§ HOW TO COMPLETE THIS TASK: In the entries below, find the line containing "#8=PRODUCT_DEFINITION('design','',#6,#7);" and the line containing "#28=CIRCLE('',#27,1.52399999234956);". Copy those two lines and everything between them exactly, and only that.

§ SUPPLIED DATA:
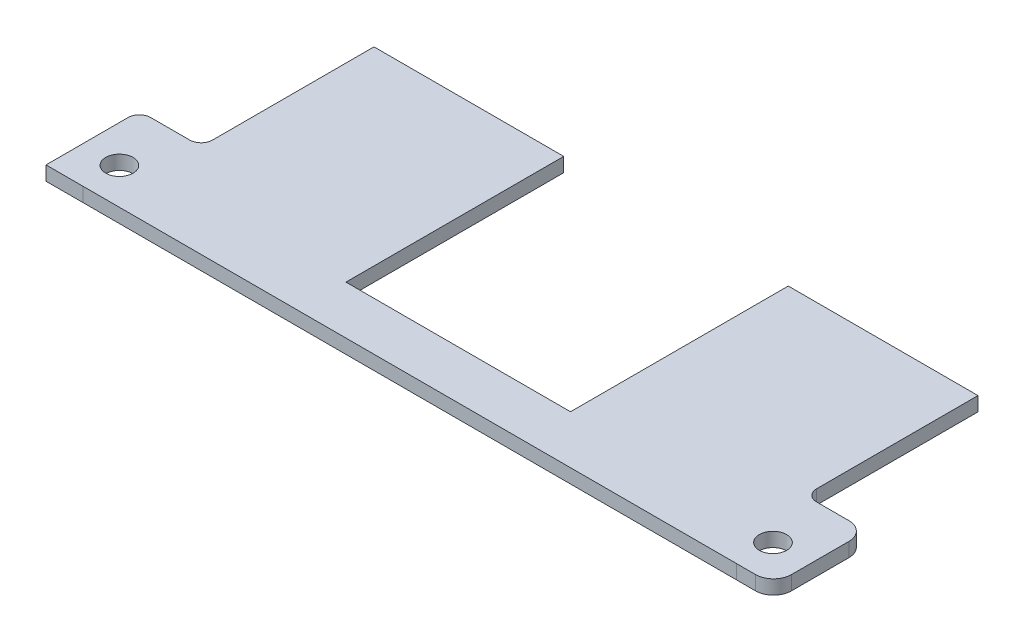
ISO-10303-21;
HEADER;
FILE_DESCRIPTION(('STEP AP214'),'2;1');
FILE_NAME('part.step','',(''),(''),'','','');
FILE_SCHEMA(('AUTOMOTIVE_DESIGN { 1 0 10303 214 1 1 1 1 }'));
ENDSEC;
DATA;
#1=APPLICATION_CONTEXT('core data for automotive mechanical design processes');
#2=APPLICATION_PROTOCOL_DEFINITION('international standard','automotive_design',2000,#1);
#3=PRODUCT_CONTEXT('',#1,'mechanical');
#4=PRODUCT('Part','Part','',(#3));
#5=PRODUCT_RELATED_PRODUCT_CATEGORY('part','',(#4));
#6=PRODUCT_DEFINITION_FORMATION('','',#4);
#7=PRODUCT_DEFINITION_CONTEXT('part definition',#1,'design');
#8=PRODUCT_DEFINITION('design','',#6,#7);
#9=PRODUCT_DEFINITION_SHAPE('','',#8);
#10=(LENGTH_UNIT() NAMED_UNIT(*) SI_UNIT(.MILLI.,.METRE.));
#11=(NAMED_UNIT(*) PLANE_ANGLE_UNIT() SI_UNIT($,.RADIAN.));
#12=(NAMED_UNIT(*) SI_UNIT($,.STERADIAN.) SOLID_ANGLE_UNIT());
#13=UNCERTAINTY_MEASURE_WITH_UNIT(LENGTH_MEASURE(1.E-05),#10,'distance_accuracy_value','');
#14=(GEOMETRIC_REPRESENTATION_CONTEXT(3) GLOBAL_UNCERTAINTY_ASSIGNED_CONTEXT((#13)) GLOBAL_UNIT_ASSIGNED_CONTEXT((#10,
#11,#12)) REPRESENTATION_CONTEXT('',''));
#15=CARTESIAN_POINT('',(0.,0.,0.));
#16=DIRECTION('',(0.,0.,1.));
#17=DIRECTION('',(1.,0.,0.));
#18=AXIS2_PLACEMENT_3D('',#15,#16,#17);
#19=CARTESIAN_POINT('',(38.8512933051951,1.575,38.0144122461493));
#20=DIRECTION('',(0.,1.,0.));
#21=DIRECTION('',(0.,0.,1.));
#22=AXIS2_PLACEMENT_3D('',#19,#20,#21);
#23=PLANE('',#22);
#24=CARTESIAN_POINT('',(36.7272933151951,1.575,35.947946891947));
#25=DIRECTION('',(0.,1.,0.));
#26=DIRECTION('',(0.,0.,1.));
#27=AXIS2_PLACEMENT_3D('',#24,#25,#26);
#28=CIRCLE('',#27,1.52399999234956);
#29=CARTESIAN_POINT('',(36.7272933151951,1.575,37.4719468842965));
#30=VERTEX_POINT('',#29);
#31=EDGE_CURVE('E211',#30,#30,#28,.T.);
#32=ORIENTED_EDGE('',*,*,#31,.F.);
#33=EDGE_LOOP('',(#32));
#34=FACE_BOUND('',#33,.T.);
#35=DIRECTION('',(1.,0.,0.));
#36=VECTOR('',#35,1.);
#37=CARTESIAN_POINT('',(-29.6747066928049,1.575,40.0124122461493));
#38=LINE('',#37,#36);
#39=CARTESIAN_POINT('',(-36.0247067008049,1.575,40.0124122461493));
#40=VERTEX_POINT('',#39);
#41=CARTESIAN_POINT('',(36.7272933151951,1.575,40.0124122461493));
#42=VERTEX_POINT('',#41);
#43=EDGE_CURVE('E50',#40,#42,#38,.T.);
#44=ORIENTED_EDGE('',*,*,#43,.T.);
#45=DIRECTION('',(0.,0.,1.));
#46=VECTOR('',#45,1.);
#47=CARTESIAN_POINT('',(36.7272933151951,1.575,40.0144122461493));
#48=LINE('',#47,#46);
#49=CARTESIAN_POINT('',(36.7272933151951,1.575,40.0144122461493));
#50=VERTEX_POINT('',#49);
#51=EDGE_CURVE('E364',#42,#50,#48,.T.);
#52=ORIENTED_EDGE('',*,*,#51,.T.);
#53=DIRECTION('',(1.,0.,0.));
#54=VECTOR('',#53,1.);
#55=CARTESIAN_POINT('',(38.8512933051951,1.575,40.0144122461493));
#56=LINE('',#55,#54);
#57=CARTESIAN_POINT('',(38.8512933051951,1.575,40.0144122461493));
#58=VERTEX_POINT('',#57);
#59=EDGE_CURVE('E304',#50,#58,#56,.T.);
#60=ORIENTED_EDGE('',*,*,#59,.T.);
#61=CARTESIAN_POINT('',(38.8512933051951,1.575,38.0144122461493));
#62=DIRECTION('',(0.,1.,0.));
#63=DIRECTION('',(0.,0.,1.));
#64=AXIS2_PLACEMENT_3D('',#61,#62,#63);
#65=CIRCLE('',#64,2.);
#66=CARTESIAN_POINT('',(40.8512933051951,1.575,38.0144122461492));
#67=VERTEX_POINT('',#66);
#68=EDGE_CURVE('E326',#58,#67,#65,.T.);
#69=ORIENTED_EDGE('',*,*,#68,.T.);
#70=DIRECTION('',(0.,0.,-1.));
#71=VECTOR('',#70,1.);
#72=CARTESIAN_POINT('',(40.8512933051951,1.575,38.0144122461492));
#73=LINE('',#72,#71);
#74=CARTESIAN_POINT('',(40.8512933051951,1.575,31.615946891947));
#75=VERTEX_POINT('',#74);
#76=EDGE_CURVE('E323',#67,#75,#73,.T.);
#77=ORIENTED_EDGE('',*,*,#76,.T.);
#78=CARTESIAN_POINT('',(38.8512933051951,1.575,31.615946891947));
#79=DIRECTION('',(0.,1.,0.));
#80=DIRECTION('',(0.,0.,1.));
#81=AXIS2_PLACEMENT_3D('',#78,#79,#80);
#82=CIRCLE('',#81,2.);
#83=CARTESIAN_POINT('',(38.8512933051951,1.575,29.615946891947));
#84=VERTEX_POINT('',#83);
#85=EDGE_CURVE('E325',#75,#84,#82,.T.);
#86=ORIENTED_EDGE('',*,*,#85,.T.);
#87=DIRECTION('',(-1.,0.,0.));
#88=VECTOR('',#87,1.);
#89=CARTESIAN_POINT('',(38.8512933051951,1.575,29.615946891947));
#90=LINE('',#89,#88);
#91=CARTESIAN_POINT('',(35.2462933051951,1.575,29.615946891947));
#92=VERTEX_POINT('',#91);
#93=EDGE_CURVE('E328',#84,#92,#90,.T.);
#94=ORIENTED_EDGE('',*,*,#93,.T.);
#95=CARTESIAN_POINT('',(35.2462933051951,1.575,28.345946891947));
#96=DIRECTION('',(0.,-1.,0.));
#97=DIRECTION('',(0.,0.,1.));
#98=AXIS2_PLACEMENT_3D('',#95,#96,#97);
#99=CIRCLE('',#98,1.26999999999999);
#100=CARTESIAN_POINT('',(33.9762933051951,1.575,28.345946891947));
#101=VERTEX_POINT('',#100);
#102=EDGE_CURVE('E334',#92,#101,#99,.T.);
#103=ORIENTED_EDGE('',*,*,#102,.T.);
#104=DIRECTION('',(0.,0.,-1.));
#105=VECTOR('',#104,1.);
#106=CARTESIAN_POINT('',(33.9762933051951,1.575,28.345946891947));
#107=LINE('',#106,#105);
#108=CARTESIAN_POINT('',(33.9762933051951,1.575,10.3704284449379));
#109=VERTEX_POINT('',#108);
#110=EDGE_CURVE('E336',#101,#109,#107,.T.);
#111=ORIENTED_EDGE('',*,*,#110,.T.);
#112=DIRECTION('',(-1.,0.,0.));
#113=VECTOR('',#112,1.);
#114=CARTESIAN_POINT('',(12.8512933091951,1.575,10.3704284449379));
#115=LINE('',#114,#113);
#116=CARTESIAN_POINT('',(12.8512933091951,1.575,10.3704284449379));
#117=VERTEX_POINT('',#116);
#118=EDGE_CURVE('E338',#109,#117,#115,.T.);
#119=ORIENTED_EDGE('',*,*,#118,.T.);
#120=DIRECTION('',(0.,0.,1.));
#121=VECTOR('',#120,1.);
#122=CARTESIAN_POINT('',(12.8512933091951,1.575,10.3704284449379));
#123=LINE('',#122,#121);
#124=CARTESIAN_POINT('',(12.8512933091951,1.575,34.615947015947));
#125=VERTEX_POINT('',#124);
#126=EDGE_CURVE('E340',#117,#125,#123,.T.);
#127=ORIENTED_EDGE('',*,*,#126,.T.);
#128=DIRECTION('',(-1.,0.,0.));
#129=VECTOR('',#128,1.);
#130=CARTESIAN_POINT('',(-12.1487066908049,1.575,34.615947015947));
#131=LINE('',#130,#129);
#132=CARTESIAN_POINT('',(-12.1487066908049,1.575,34.615947015947));
#133=VERTEX_POINT('',#132);
#134=EDGE_CURVE('E342',#125,#133,#131,.T.);
#135=ORIENTED_EDGE('',*,*,#134,.T.);
#136=DIRECTION('',(0.,0.,-1.));
#137=VECTOR('',#136,1.);
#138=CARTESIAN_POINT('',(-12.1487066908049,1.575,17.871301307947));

§ ANSWER SPACE:
#8=PRODUCT_DEFINITION('design','',#6,#7);
#9=PRODUCT_DEFINITION_SHAPE('','',#8);
#10=(LENGTH_UNIT() NAMED_UNIT(*) SI_UNIT(.MILLI.,.METRE.));
#11=(NAMED_UNIT(*) PLANE_ANGLE_UNIT() SI_UNIT($,.RADIAN.));
#12=(NAMED_UNIT(*) SI_UNIT($,.STERADIAN.) SOLID_ANGLE_UNIT());
#13=UNCERTAINTY_MEASURE_WITH_UNIT(LENGTH_MEASURE(1.E-05),#10,'distance_accuracy_value','');
#14=(GEOMETRIC_REPRESENTATION_CONTEXT(3) GLOBAL_UNCERTAINTY_ASSIGNED_CONTEXT((#13)) GLOBAL_UNIT_ASSIGNED_CONTEXT((#10,
#11,#12)) REPRESENTATION_CONTEXT('',''));
#15=CARTESIAN_POINT('',(0.,0.,0.));
#16=DIRECTION('',(0.,0.,1.));
#17=DIRECTION('',(1.,0.,0.));
#18=AXIS2_PLACEMENT_3D('',#15,#16,#17);
#19=CARTESIAN_POINT('',(38.8512933051951,1.575,38.0144122461493));
#20=DIRECTION('',(0.,1.,0.));
#21=DIRECTION('',(0.,0.,1.));
#22=AXIS2_PLACEMENT_3D('',#19,#20,#21);
#23=PLANE('',#22);
#24=CARTESIAN_POINT('',(36.7272933151951,1.575,35.947946891947));
#25=DIRECTION('',(0.,1.,0.));
#26=DIRECTION('',(0.,0.,1.));
#27=AXIS2_PLACEMENT_3D('',#24,#25,#26);
#28=CIRCLE('',#27,1.52399999234956);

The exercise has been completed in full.